[Start of Attachment]
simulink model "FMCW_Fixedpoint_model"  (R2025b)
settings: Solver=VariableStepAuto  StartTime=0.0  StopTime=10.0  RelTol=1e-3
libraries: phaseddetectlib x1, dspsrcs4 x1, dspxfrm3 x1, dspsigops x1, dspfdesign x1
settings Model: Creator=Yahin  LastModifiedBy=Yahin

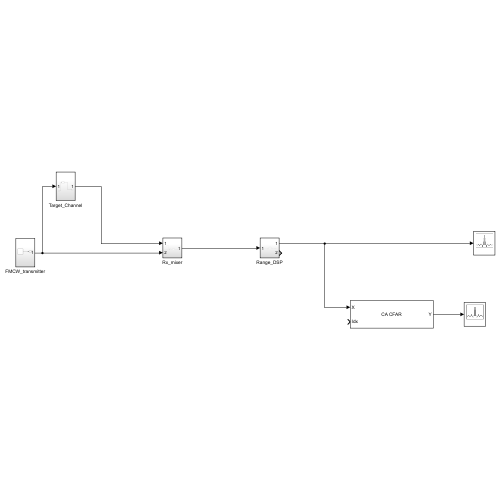
[thumbnail: Simulink's stored preview of the top-level diagram]
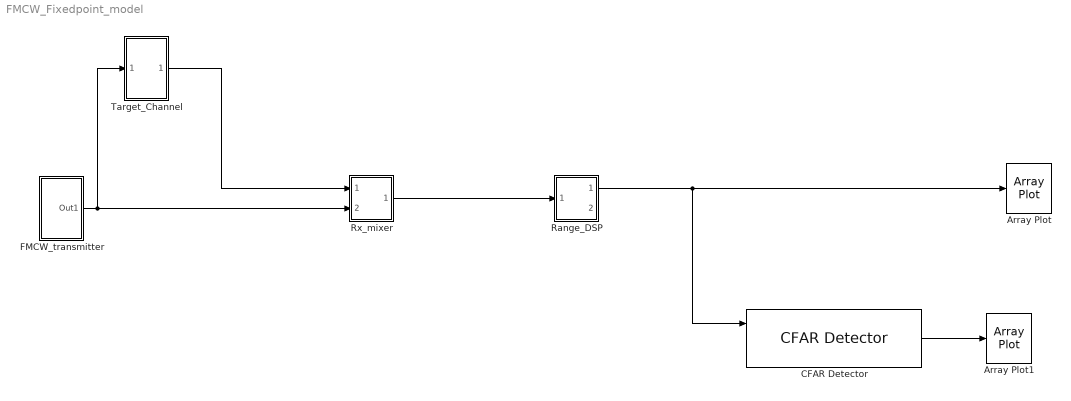
== system FMCW_Fixedpoint_model ==
  Array Plot : ArrayPlot  WindowPosition=[985.000000,385.000000,800.000000,500.000000,]  ScopeFrameLocation=window  YLimits=[-8.5215 76.8782]
  Array Plot1 : ArrayPlot  WindowPosition=[985.000000,385.000000,800.000000,500.000000,]  ScopeFrameLocation=window  YLimits=[-8.5215 76.8782]
  CFAR Detector : phaseddetectlib/CFAR Detector  Method=CA  Rank=1  NumGuardCells=4  NumTrainingCells=16  ThresholdFactor=Auto  ProbabilityFalseAlarm=1e-4  CustomThresholdFactor=1  OutputFormat=CUT result  ThresholdOutputPort=off  NoisePowerOutputPort=off  NumDetectionsSource=Auto  NumDetections=1  SimulateUsing=Interpreted execution
  FMCW_transmitter : Subsystem
  Range_DSP : Subsystem
  Rx_mixer : Subsystem
  Target_Channel : Subsystem
  wires:
  FMCW_transmitter/1(Out1) -> Rx_mixer/2(In2), Target_Channel/1(In1)
  Target_Channel/1(Out1) -> Rx_mixer/1(In1)
  Rx_mixer/1(Out1) -> Range_DSP/1(In1)
  Range_DSP/1(Out1) -> CFAR Detector/1, Array Plot/1
  CFAR Detector/1 -> Array Plot1/1

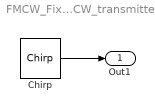
== system FMCW_Fixedpoint_model/FMCW_transmitter ==
  Chirp : dspsrcs4/Chirp  sweep=Linear  mode=Unidirectional  f0=0  f1=1000  t1=1  Tsweep=1  phase=0  Ts=1/2000  spf=1  datatype=double  OutputFrames=off
  Out1 : Outport
  wires:
  Chirp/1 -> Out1/1

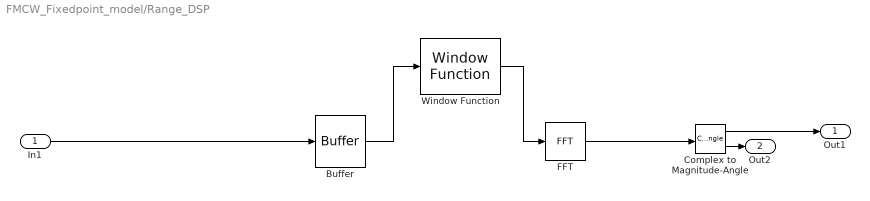
== system FMCW_Fixedpoint_model/Range_DSP ==
  In1 : Inport
  Buffer : Buffer  N=1024  OutputFrames=off
  Complex to Magnitude-Angle : ComplexToMagnitudeAngle
  FFT : dspxfrm3/FFT  FFTImplementation=Auto  CompMethod=Table lookup  TableOpt=NEW  TableOptActive=Speed  BitRevOrder=off  Normalize=off  InheritFFTLength=on  FFTLength=64  WrapInput=on  roundingMode=Ceiling  overflowMode=off  firstCoeffDataTypeStr=Inherit: Same word length as input  firstCoeffLastDataTypeStr=Inherit: Same word length as input  outputMin=[]  outputMax=[]
  Window Function : dspsigops/Window Function  winmode=Apply window to input  wintype=Hamming  sampmode=Continuous  samptime=1  N=64  Rs=50  beta=10  winsamp=Symmetric  UserWindow=hamming  OptParams=off  UserParams={'symmetric'}  dataType=double  isSigned=on  wordLen=16  udDataType=sfix(16)  fracBitsMode=Best precision  numFracBits=15  roundingMode=Floor  overflowMode=off  numSidelobes=4  sidelobeLevel=-30
  Out1 : Outport
  Out2 : Outport  Port=2
  wires:
  FFT/1 -> Complex to Magnitude-Angle/1
  Complex to Magnitude-Angle/2 -> Out2/1
  Window Function/1 -> FFT/1
  Buffer/1 -> Window Function/1
  Complex to Magnitude-Angle/1 -> Out1/1
  In1/1 -> Buffer/1

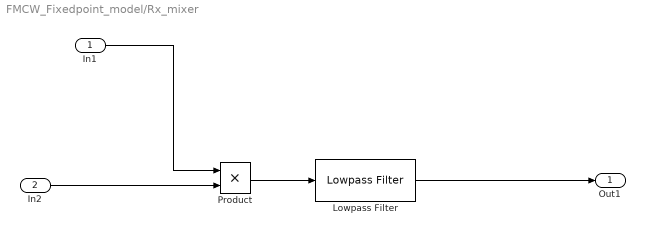
== system FMCW_Fixedpoint_model/Rx_mixer ==
  In1 : Inport
  In2 : Inport  Port=2
  Lowpass Filter : dspfdesign/Lowpass Filter  FilterType=FIR  DesignForMinimumOrder=on  FilterOrder=50  PassbandFrequency=1  StopbandFrequency=150  PassbandRipple=0.1  StopbandAttenuation=80  SampleRateMode=Specify on dialog  SampleRate=2000  SimulateUsing=Interpreted execution  roundingMode=Floor  coeffsDataTypeStr=fixdt(1,16)
  Product : Product
  Out1 : Outport
  wires:
  Product/1 -> Lowpass Filter/1
  In2/1 -> Product/2
  Lowpass Filter/1 -> Out1/1
  In1/1 -> Product/1

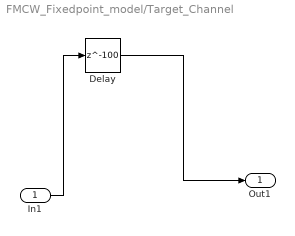
== system FMCW_Fixedpoint_model/Target_Channel ==
  In1 : Inport
  Delay : Delay  DelayLength=100
  Out1 : Outport
  wires:
  In1/1 -> Delay/1
  Delay/1 -> Out1/1
[End of Attachment]
__Exercise prompt__. Scan the material above. Copy each line where "Subsystem" occurs.

__Exercise output__.
  FMCW_transmitter : Subsystem
  Range_DSP : Subsystem
  Rx_mixer : Subsystem
  Target_Channel : Subsystem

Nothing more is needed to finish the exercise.